[Supplied material — start]
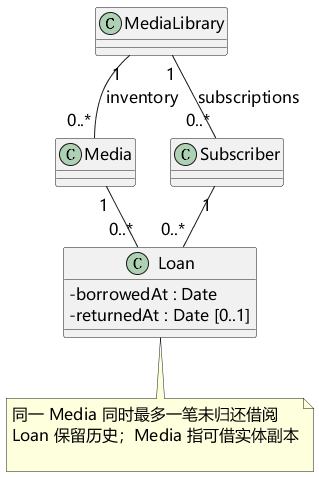

The diagram above was rendered by PlantUML. Its source (embedded in the PNG):
@startuml
skinparam defaultFontName Microsoft YaHei
skinparam defaultFontSize 16
skinparam shadowing false
skinparam classAttributeIconSize 0
skinparam backgroundColor white
class MediaLibrary
class Media
class Subscriber
class Loan {
- borrowedAt : Date
- returnedAt : Date [0..1]
}
MediaLibrary "1" -- "0..*" Media : inventory
MediaLibrary "1" -- "0..*" Subscriber : subscriptions
Subscriber "1" -- "0..*" Loan
Media "1" -- "0..*" Loan
note bottom of Loan
同一 Media 同时最多一笔未归还借阅
Loan 保留历史；Media 指可借实体副本

end note
@enduml
[Supplied material — finish]
Retype each record exactly as it appears above and drop the images.

The diagram above was rendered by PlantUML. Its source (embedded in the PNG):
@startuml
skinparam defaultFontName Microsoft YaHei
skinparam defaultFontSize 16
skinparam shadowing false
skinparam classAttributeIconSize 0
skinparam backgroundColor white
class MediaLibrary
class Media
class Subscriber
class Loan {
- borrowedAt : Date
- returnedAt : Date [0..1]
}
MediaLibrary "1" -- "0..*" Media : inventory
MediaLibrary "1" -- "0..*" Subscriber : subscriptions
Subscriber "1" -- "0..*" Loan
Media "1" -- "0..*" Loan
note bottom of Loan
同一 Media 同时最多一笔未归还借阅
Loan 保留历史；Media 指可借实体副本

end note
@enduml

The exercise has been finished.